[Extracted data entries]
------------------------------------------------------------------------

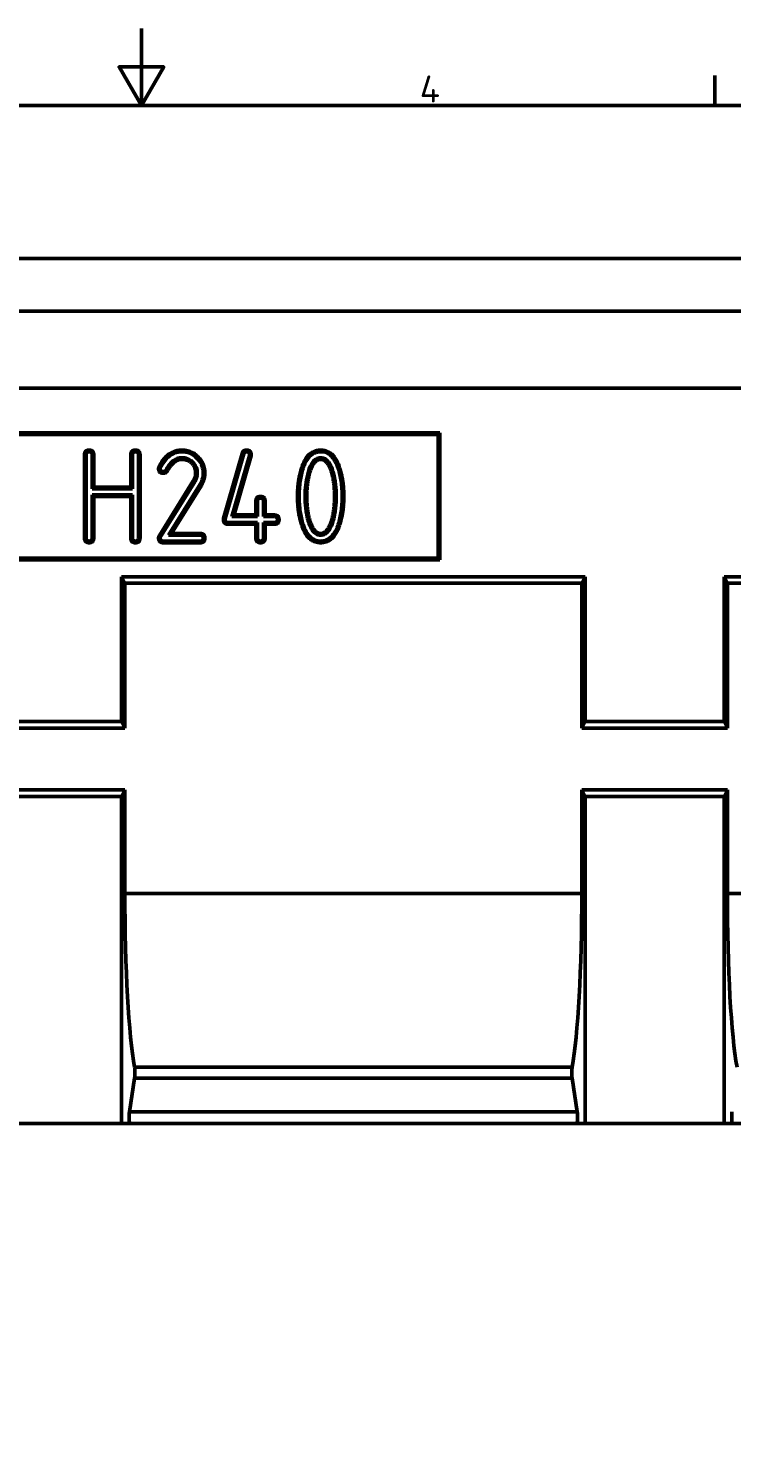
# Model space of a CAD drawing. Header units: millimetres. Extents: x 0 to 1485, y 0 to 1050.
# Drawn here: x 705.9 to 933.5, y 590.9 to 1050 of the extents above; entities that cross this region are included whole.
import ezdxf

# ---------------------------------------------------------------- set-up
doc = ezdxf.new("R2010")
doc.units = ezdxf.units.MM
doc.header["$LTSCALE"] = 2.5
doc.layers.get('0').update_dxf_attribs({"lineweight": 50})
doc.layers.get('Defpoints').update_dxf_attribs({"lineweight": 50})
for name, color, linetype, lineweight in [('Bemaßung (ISO)', 7, 'Continuous', 50), ('Rahmen (ISO)', 7, 'Continuous', 50), ('Sichtbar (ISO)', 7, 'Continuous', 50), ('Sichtbar schmal (ISO)', 7, 'Continuous', 50)]:
    doc.layers.add(name, color=color, linetype=linetype, lineweight=lineweight)
doc.styles.add('Notiztext (DIN)', font='isocpeur.ttf')
doc.styles.add('TXT 3_5', font='isocpeur.ttf')
doc.dimstyles.new('Anrin Standard (DIN)', dxfattribs={"dimscale": 2.5, "dimtxt": 3.5, "dimasz": 2.5, "dimexe": 2, "dimexo": 0, "dimgap": 0.8, "dimtad": 1, "dimrnd": 1e-08, "dimtxsty": 'TXT 3_5', "dimcen": 0.09, "dimdle": 10, "dimclrd": 256, "dimclre": 256, "dimclrt": 256, "dimadec": 0, "dimazin": 2, "dimtfac": 0.714286, "dimtmove": 0, "dimatfit": 3, "dimfxl": 1, "dimtolj": 1, "dimlwd": -1, "dimlwe": -1, "dimarcsym": 0})

# ---------------------------------------------------------------- blocks, each defined once
blk = doc.blocks.new('Ränder Standardrahmen')
at = {"layer": 'Rahmen (ISO)'}
blk.add_line((371.25, 410), (371.25, 413.9), dxfattribs=at)
at = {"layer": 'Rahmen (ISO)', "flags": 128}
for points in [[(297, 420), (297, 410), (294.11, 415), (299.89, 415), (297, 410)], [(10, 10), (10, 410), (584, 410), (584, 10), (10, 10)]]:
    blk.add_lwpolyline(points, dxfattribs=at)
at = {"layer": 'Rahmen (ISO)', "insert": (333.03, 410.4), "char_height": 3.5, "attachment_point": 7, "style": 'Notiztext (DIN)'}
blk.add_mtext('4', dxfattribs=at)
blk = doc.blocks.new('*D28')
at = {"layer": 'Bemaßung (ISO)', "transparency": 16777216}
for p, q in [((116.09, 933.5), (116.09, 963.5)), ((1116.09, 933.5), (1116.09, 963.5)), ((122.34, 958.5), (1109.84, 958.5))]:
    blk.add_line(p, q, dxfattribs=at)
for points in [[(122.34, 959.54), (122.34, 957.46), (116.09, 958.5)], [(1109.84, 959.54), (1109.84, 957.46), (1116.09, 958.5)]]:
    blk.add_solid(points, dxfattribs=at)
at = {"layer": 'Defpoints', "color": 0, "transparency": 16777216}
for p in [(1116.09, 958.5), (116.09, 933.5), (1116.09, 933.5)]:
    blk.add_point(p, dxfattribs=at)
at = {"layer": 'Bemaßung (ISO)', "transparency": 16777216, "insert": (605.56, 969.25), "char_height": 8.75, "attachment_point": 1, "style": 'TXT 3_5'}
blk.add_mtext('\\A1;1000', dxfattribs=at)
blk = doc.blocks.new('*D29')
at = {"layer": 'Bemaßung (ISO)', "transparency": 16777216}
for p, q in [((116.09, 933.5), (116.09, 980.5)), ((1121.09, 880.5), (1121.09, 980.5)), ((122.34, 975.5), (1114.84, 975.5))]:
    blk.add_line(p, q, dxfattribs=at)
for points in [[(122.34, 976.54), (122.34, 974.46), (116.09, 975.5)], [(1114.84, 976.54), (1114.84, 974.46), (1121.09, 975.5)]]:
    blk.add_solid(points, dxfattribs=at)
at = {"layer": 'Defpoints', "color": 0, "transparency": 16777216}
for p in [(1121.09, 975.5), (116.09, 933.5), (1121.09, 880.5)]:
    blk.add_point(p, dxfattribs=at)
at = {"layer": 'Bemaßung (ISO)', "transparency": 16777216, "insert": (608.09, 986.25), "char_height": 8.75, "attachment_point": 1, "style": 'TXT 3_5'}
blk.add_mtext('\\A1;1005', dxfattribs=at)

msp = doc.modelspace()

# ---------------------------------------------------------------- linework, layer by layer
at = {"layer": 'Sichtbar (ISO)'}
for p, q in [((116.087, 933.497), (1116.087, 933.497)), ((393.051, 919.033), (839.122, 919.033)), ((393.587, 918.497), (838.587, 918.497)), ((839.122, 919.033), (838.587, 918.497)), ((838.587, 918.497), (838.587, 878.497)), ((839.122, 919.033), (839.122, 877.961)), ((724.064, 885), (724.064, 911.994)), ((724.6, 885), (724.6, 911.994)), ((726.534, 911.994), (726.534, 900.967)), ((727.07, 911.994), (727.07, 901.502)), ((739.036, 901.502), (739.036, 911.994)), ((739.572, 900.967), (739.572, 911.994)), ((741.506, 911.994), (741.506, 885)), ((742.042, 911.994), (742.042, 885)), ((769.064, 891.4), (775.075, 912.412)), ((769.589, 891.286), (775.591, 912.265)), ((777.452, 911.715), (771.805, 891.95)), ((777.97, 911.577), (772.515, 892.486)), ((727.07, 901.502), (726.534, 900.967)), ((726.534, 900.967), (739.572, 900.967)), ((727.07, 901.502), (739.036, 901.502)), ((739.036, 901.502), (739.572, 900.967)), ((748.304, 885.862), (759.296, 903.506)), ((748.761, 885.583), (759.752, 903.224)), ((761.234, 901.952), (751.262, 885.967)), ((761.69, 901.669), (752.228, 886.502)), ((726.534, 899.033), (726.534, 885)), ((739.572, 899.033), (726.534, 899.033)), ((727.07, 898.497), (726.534, 899.033)), ((727.07, 898.497), (727.07, 885)), ((739.036, 898.497), (727.07, 898.497)), ((739.036, 898.497), (739.572, 899.033)), ((739.036, 885), (739.036, 898.497)), ((739.572, 885), (739.572, 899.033)), ((779.528, 892.486), (779.528, 896.994)), ((780.064, 891.95), (780.064, 896.994)), ((781.998, 896.994), (781.998, 891.95)), ((782.534, 896.994), (782.534, 892.486)), ((772.515, 892.486), (771.805, 891.95)), ((771.805, 891.95), (780.064, 891.95)), ((772.515, 892.486), (779.528, 892.486)), ((779.528, 892.486), (780.064, 891.95)), ((782.534, 892.486), (781.998, 891.95)), ((781.998, 891.95), (785.539, 891.95)), ((782.534, 892.486), (785.539, 892.486)), ((752.228, 886.502), (751.262, 885.967)), ((752.228, 886.502), (761.55, 886.502)), ((780.064, 890.016), (770.539, 890.016)), ((779.528, 889.48), (770.539, 889.48)), ((779.528, 889.48), (780.064, 890.016)), ((779.528, 885), (779.528, 889.48)), ((780.064, 885), (780.064, 890.016)), ((781.998, 890.016), (781.998, 885)), ((785.539, 890.016), (781.998, 890.016)), ((782.534, 889.48), (781.998, 890.016)), ((782.534, 889.48), (782.534, 885)), ((785.539, 889.48), (782.534, 889.48)), ((761.55, 884.033), (749.556, 884.033)), ((761.55, 883.497), (749.556, 883.497)), ((751.262, 885.967), (761.55, 885.967)), ((839.122, 877.961), (393.051, 877.961)), ((838.587, 878.497), (393.587, 878.497)), ((839.122, 877.961), (838.587, 878.497)), ((736.087, 872.497), (886.087, 872.497)), ((736.087, 872.497), (737.136, 870.381)), ((736.087, 825.613), (736.087, 872.497)), ((885.037, 870.381), (886.087, 872.497)), ((886.087, 872.497), (886.087, 825.613)), ((931.087, 872.497), (1086.087, 872.497)), ((932.136, 870.381), (931.087, 872.497)), ((931.087, 825.613), (931.087, 872.497)), ((737.136, 870.381), (885.037, 870.381)), ((737.136, 870.381), (737.136, 823.497)), ((885.037, 823.497), (885.037, 870.381)), ((1085.037, 870.381), (932.136, 870.381)), ((932.136, 823.497), (932.136, 870.381)), ((737.136, 823.497), (690.037, 823.497)), ((691.087, 825.613), (736.087, 825.613)), ((736.087, 825.613), (737.136, 823.497)), ((885.037, 823.497), (886.087, 825.613)), ((932.136, 823.497), (885.037, 823.497)), ((886.087, 825.613), (931.087, 825.613)), ((931.087, 825.613), (932.136, 823.497)), ((737.136, 803.497), (690.037, 803.497)), ((737.136, 803.497), (736.087, 801.381)), ((737.136, 803.497), (737.136, 769.997)), ((932.136, 803.497), (885.037, 803.497)), ((886.087, 801.381), (885.037, 803.497)), ((885.037, 769.997), (885.037, 803.497)), ((932.136, 803.497), (931.087, 801.381)), ((932.136, 769.997), (932.136, 803.497)), ((736.087, 801.381), (691.087, 801.381)), ((736.087, 695.497), (736.087, 801.381)), ((931.087, 801.381), (886.087, 801.381)), ((886.087, 801.381), (886.087, 695.497)), ((931.087, 695.497), (931.087, 801.381)), ((740.289, 710.223), (738.623, 699.229)), ((883.55, 699.229), (881.884, 710.223)), ((1121.087, 695.497), (121.087, 695.497))]:
    msp.add_line(p, q, dxfattribs=at)
for centre, major_axis, start_param, end_param in [((742.561, 769.997), (0, -62), 4.712389, 5.8482695), ((879.612, 769.997), (0, -62), 0.4349159, 1.5707963), ((937.561, 769.997), (0, 62), 1.5707963, 2.7066768), ((740.202, 711.955), (0, 2), 3.6651914, 5.8482695), ((881.972, 711.955), (0, -2), 3.5765085, 5.7595865), ((738.711, 697.497), (0, 2), 0.5235988, 3.1415927), ((883.463, 697.497), (0, -2), 0, 2.6179939), ((933.711, 697.497), (0, 2), 0.5235988, 3.1415927)]:
    msp.add_ellipse(centre, major_axis=major_axis, ratio=0.0874887, start_param=start_param, end_param=end_param, dxfattribs=at)
for points in [[(724.064, 911.994), (724.064, 913.497), (725.567, 913.497)], [(725.567, 913.497), (727.07, 913.497), (727.07, 911.994)], [(739.036, 911.994), (739.036, 913.497), (740.539, 913.497)], [(740.539, 913.497), (742.042, 913.497), (742.042, 911.994)], [(748.192, 908.098), (750.975, 913.497), (755.539, 913.497)], [(755.539, 910.491), (753.007, 910.491), (750.836, 906.707)], [(755.539, 913.497), (758.656, 913.497), (763.053, 909.1), (763.053, 906.011)], [(760.048, 905.983), (760.048, 907.848), (757.404, 910.491), (755.539, 910.491)], [(775.075, 912.412), (775.382, 913.497), (776.523, 913.497)], [(776.523, 913.497), (778.025, 913.497), (778.025, 911.994)], [(778.025, 911.994), (778.025, 911.799), (777.97, 911.577)], [(794.333, 907.792), (796.281, 913.497), (800.511, 913.497)], [(800.511, 910.491), (798.035, 910.491), (796.838, 905.482)], [(800.511, 913.497), (804.741, 913.497), (806.69, 907.764)], [(804.213, 905.51), (802.988, 910.491), (800.511, 910.491)], [(748.053, 907.486), (748.053, 907.82), (748.192, 908.098)], [(749.556, 905.983), (748.053, 905.983), (748.053, 907.486)], [(750.836, 906.707), (750.419, 905.983), (749.556, 905.983)], [(759.296, 903.506), (760.048, 904.731), (760.048, 905.983)], [(763.053, 906.011), (763.053, 903.868), (761.69, 901.669)], [(793.025, 898.497), (793.025, 903.896), (794.333, 907.792)], [(796.838, 905.482), (796.031, 902.143), (796.031, 898.497)], [(804.992, 898.497), (804.992, 902.226), (804.213, 905.51)], [(806.69, 907.764), (807.997, 903.868), (807.997, 898.497)], [(779.528, 896.994), (779.528, 898.497), (781.031, 898.497)], [(781.031, 898.497), (782.534, 898.497), (782.534, 896.994)], [(794.333, 889.202), (793.025, 893.098), (793.025, 898.497)], [(796.031, 898.497), (796.031, 894.796), (796.81, 891.484)], [(804.213, 891.484), (804.992, 894.796), (804.992, 898.497)], [(807.997, 898.497), (807.997, 893.126), (806.69, 889.23)], [(769.036, 890.983), (769.036, 891.233), (769.064, 891.4)], [(770.539, 889.48), (769.036, 889.48), (769.036, 890.983)], [(785.539, 892.486), (787.042, 892.486), (787.042, 890.983)], [(787.042, 890.983), (787.042, 889.48), (785.539, 889.48)], [(796.81, 891.484), (798.035, 886.502), (800.511, 886.502)], [(800.511, 886.502), (802.988, 886.502), (804.213, 891.484)], [(761.55, 886.502), (763.053, 886.502), (763.053, 885)], [(800.511, 883.497), (796.281, 883.497), (794.333, 889.202)], [(806.69, 889.23), (804.741, 883.497), (800.511, 883.497)], [(725.567, 883.497), (724.064, 883.497), (724.064, 885)], [(727.07, 885), (727.07, 883.497), (725.567, 883.497)], [(740.539, 883.497), (739.036, 883.497), (739.036, 885)], [(742.042, 885), (742.042, 883.497), (740.539, 883.497)], [(748.053, 885), (748.053, 885.445), (748.304, 885.862)], [(749.556, 883.497), (748.053, 883.497), (748.053, 885)], [(763.053, 885), (763.053, 883.497), (761.55, 883.497)], [(781.031, 883.497), (779.528, 883.497), (779.528, 885)], [(782.534, 885), (782.534, 883.497), (781.031, 883.497)]]:
    msp.add_open_spline(points, degree=2, dxfattribs=at)
for points, knots in [([(724.6, 911.994), (724.6, 912.144), (724.614, 912.342), (724.715, 912.613), (724.761, 912.681), (724.849, 912.775), (724.905, 912.819), (725.059, 912.892), (725.141, 912.916), (725.334, 912.953), (725.453, 912.961), (725.567, 912.961)], [0, 0, 0, 0, 0.04493859, 0.04493859, 0.07151546, 0.07151546, 0.09679736, 0.09679736, 0.12063391, 0.12063391, 0.1534914, 0.1534914, 0.1534914, 0.1534914]), ([(725.567, 912.961), (725.717, 912.961), (725.915, 912.947), (726.186, 912.846), (726.254, 912.8), (726.348, 912.713), (726.392, 912.656), (726.465, 912.502), (726.489, 912.42), (726.526, 912.227), (726.534, 912.108), (726.534, 911.994)], [0, 0, 0, 0, 0.04493859, 0.04493859, 0.07151546, 0.07151546, 0.09679736, 0.09679736, 0.12063391, 0.12063391, 0.1534914, 0.1534914, 0.1534914, 0.1534914]), ([(739.572, 911.994), (739.572, 912.144), (739.586, 912.342), (739.687, 912.613), (739.733, 912.681), (739.821, 912.775), (739.877, 912.819), (740.031, 912.892), (740.113, 912.916), (740.307, 912.953), (740.425, 912.961), (740.539, 912.961)], [0, 0, 0, 0, 0.04493859, 0.04493859, 0.07151546, 0.07151546, 0.09679736, 0.09679736, 0.12063391, 0.12063391, 0.1534914, 0.1534914, 0.1534914, 0.1534914]), ([(740.539, 912.961), (740.689, 912.961), (740.887, 912.947), (741.158, 912.846), (741.226, 912.8), (741.32, 912.713), (741.364, 912.656), (741.437, 912.502), (741.461, 912.42), (741.498, 912.227), (741.506, 912.108), (741.506, 911.994)], [0, 0, 0, 0, 0.04493859, 0.04493859, 0.07151546, 0.07151546, 0.09679736, 0.09679736, 0.12063391, 0.12063391, 0.1534914, 0.1534914, 0.1534914, 0.1534914]), ([(748.67, 907.856), (749.329, 909.133), (750.175, 910.391), (751.862, 911.855), (752.527, 912.274), (754, 912.834), (754.759, 912.961), (755.539, 912.961)], [0.00037068, 0.00037068, 0.00037068, 0.00037068, 0.43143738, 0.43143738, 0.66926924, 0.66926924, 0.90302207, 0.90302207, 0.90302207, 0.90302207]), ([(755.539, 911.027), (755.022, 911.027), (754.523, 910.925), (753.493, 910.509), (752.995, 910.176), (751.72, 909.057), (751.001, 908.071), (750.372, 906.974)], [0, 0, 0, 0, 0.15511166, 0.15511166, 0.33316196, 0.33316196, 0.66339826, 0.66339826, 0.66339826, 0.66339826]), ([(755.539, 912.961), (756.469, 912.961), (757.373, 912.805), (759.032, 912.115), (759.737, 911.632), (760.938, 910.478), (761.547, 909.733), (762.152, 908.346), (762.288, 907.906), (762.474, 906.977), (762.517, 906.495), (762.517, 906.011)], [0, 0, 0, 0, 0.27894472, 0.27894472, 0.5385195, 0.5385195, 0.77856527, 0.77856527, 0.88429071, 0.88429071, 0.99499587, 0.99499587, 0.99499587, 0.99499587]), ([(760.583, 905.983), (760.583, 906.653), (760.467, 907.303), (759.97, 908.5), (759.621, 909.012), (758.784, 909.884), (758.244, 910.321), (757.235, 910.76), (756.911, 910.861), (756.235, 910.996), (755.888, 911.027), (755.539, 911.027)], [0, 0, 0, 0, 0.20092025, 0.20092025, 0.3889759, 0.3889759, 0.56372958, 0.56372958, 0.64187452, 0.64187452, 0.72206559, 0.72206559, 0.72206559, 0.72206559]), ([(775.591, 912.265), (775.612, 912.339), (775.653, 912.469), (775.786, 912.684), (775.847, 912.748), (775.969, 912.841), (776.049, 912.884), (776.274, 912.949), (776.401, 912.961), (776.523, 912.961)], [0.001963663, 0.001963663, 0.001963663, 0.001963663, 0.021399666, 0.021399666, 0.035944676, 0.035944676, 0.050646289, 0.050646289, 0.066595415, 0.066595415, 0.066595415, 0.066595415]), ([(776.523, 912.961), (776.672, 912.961), (776.871, 912.947), (777.141, 912.846), (777.209, 912.8), (777.303, 912.713), (777.347, 912.656), (777.421, 912.502), (777.444, 912.42), (777.481, 912.227), (777.489, 912.108), (777.489, 911.994)], [0, 0, 0, 0, 0.04493859, 0.04493859, 0.07151546, 0.07151546, 0.09679736, 0.09679736, 0.12063391, 0.12063391, 0.1534914, 0.1534914, 0.1534914, 0.1534914]), ([(777.489, 911.994), (777.489, 911.951), (777.486, 911.906), (777.474, 911.813), (777.464, 911.764), (777.452, 911.715)], [0, 0, 0, 0, 0.013086499, 0.013086499, 0.028142878, 0.028142878, 0.028142878, 0.028142878]), ([(777.452, 911.715), (777.495, 911.703), (777.538, 911.692), (777.71, 911.646), (777.84, 911.611), (777.97, 911.577)], [0.10287966, 0.10287966, 0.10287966, 0.10287966, 0.15398093, 0.15398093, 0.30918594, 0.30918594, 0.30918594, 0.30918594]), ([(794.841, 907.62), (795.257, 908.837), (795.838, 910.104), (797.117, 911.638), (797.65, 912.104), (798.614, 912.61), (798.966, 912.741), (799.721, 912.92), (800.115, 912.961), (800.511, 912.961)], [0.00013812, 0.00013812, 0.00013812, 0.00013812, 0.38590631, 0.38590631, 0.59820007, 0.59820007, 0.71158033, 0.71158033, 0.83020461, 0.83020461, 0.83020461, 0.83020461]), ([(800.511, 911.027), (800.135, 911.027), (799.771, 910.956), (799.074, 910.665), (798.761, 910.451), (798.092, 909.829), (797.774, 909.38), (796.993, 907.988), (796.61, 906.834), (796.317, 905.607)], [0, 0, 0, 0, 0.11289928, 0.11289928, 0.22681291, 0.22681291, 0.38686704, 0.38686704, 0.70571104, 0.70571104, 0.70571104, 0.70571104]), ([(800.511, 912.961), (801.156, 912.961), (801.781, 912.852), (802.938, 912.37), (803.433, 912.03), (804.373, 911.129), (804.79, 910.555), (805.566, 909.215), (805.907, 908.401), (806.182, 907.593)], [0, 0, 0, 0, 0.19323337, 0.19323337, 0.3755242, 0.3755242, 0.58395794, 0.58395794, 0.84029902, 0.84029902, 0.84029902, 0.84029902]), ([(804.734, 905.636), (804.532, 906.454), (804.062, 908.26), (802.817, 909.959), (802.446, 910.338), (801.775, 910.745), (801.536, 910.851), (801.031, 910.993), (800.773, 911.027), (800.511, 911.027)], [0.00948385, 0.00948385, 0.00948385, 0.00948385, 0.23585034, 0.23585034, 0.31053252, 0.31053252, 0.34812458, 0.34812458, 0.38560149, 0.38560149, 0.38560149, 0.38560149]), ([(748.67, 907.856), (748.63, 907.876), (748.59, 907.897), (748.433, 907.976), (748.31, 908.038), (748.192, 908.098)], [-0.20383027, -0.20383027, -0.20383027, -0.20383027, -0.15337444, -0.15337444, 0, 0, 0, 0]), ([(748.589, 907.486), (748.589, 907.553), (748.595, 907.621), (748.624, 907.746), (748.644, 907.802), (748.67, 907.856)], [0, 0, 0, 0, 0.020301337, 0.020301337, 0.038340907, 0.038340907, 0.038340907, 0.038340907]), ([(749.556, 906.519), (749.406, 906.519), (749.208, 906.533), (748.937, 906.634), (748.869, 906.68), (748.775, 906.767), (748.731, 906.824), (748.658, 906.978), (748.634, 907.06), (748.597, 907.253), (748.589, 907.372), (748.589, 907.486)], [0, 0, 0, 0, 0.04493859, 0.04493859, 0.07151546, 0.07151546, 0.09679736, 0.09679736, 0.12063391, 0.12063391, 0.1534914, 0.1534914, 0.1534914, 0.1534914]), ([(750.372, 906.974), (750.289, 906.832), (750.205, 906.746), (750.059, 906.633), (749.979, 906.592), (749.783, 906.531), (749.669, 906.519), (749.556, 906.519)], [0.00006207, 0.00006207, 0.00006207, 0.00006207, 0.04938573, 0.04938573, 0.09835265, 0.09835265, 0.15858017, 0.15858017, 0.15858017, 0.15858017]), ([(759.752, 903.224), (759.878, 903.429), (760.168, 903.916), (760.51, 905.029), (760.583, 905.501), (760.583, 905.983)], [0.00253677, 0.00253677, 0.00253677, 0.00253677, 0.06693697, 0.06693697, 0.11242642, 0.11242642, 0.11242642, 0.11242642]), ([(762.517, 906.011), (762.517, 905.33), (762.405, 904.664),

------------------------------------------------------------------------

__WHAT TO WORK ON__
When you reach the line containing "blk = doc.blocks.new('*D28')" in the data above, start copying exactly, and stop after the line containing "blk.add_mtext('\\A1;1000', dxfattribs=at)".

__RESPONSE AREA__
blk = doc.blocks.new('*D28')
at = {"layer": 'Bemaßung (ISO)', "transparency": 16777216}
for p, q in [((116.09, 933.5), (116.09, 963.5)), ((1116.09, 933.5), (1116.09, 963.5)), ((122.34, 958.5), (1109.84, 958.5))]:
    blk.add_line(p, q, dxfattribs=at)
for points in [[(122.34, 959.54), (122.34, 957.46), (116.09, 958.5)], [(1109.84, 959.54), (1109.84, 957.46), (1116.09, 958.5)]]:
    blk.add_solid(points, dxfattribs=at)
at = {"layer": 'Defpoints', "color": 0, "transparency": 16777216}
for p in [(1116.09, 958.5), (116.09, 933.5), (1116.09, 933.5)]:
    blk.add_point(p, dxfattribs=at)
at = {"layer": 'Bemaßung (ISO)', "transparency": 16777216, "insert": (605.56, 969.25), "char_height": 8.75, "attachment_point": 1, "style": 'TXT 3_5'}
blk.add_mtext('\\A1;1000', dxfattribs=at)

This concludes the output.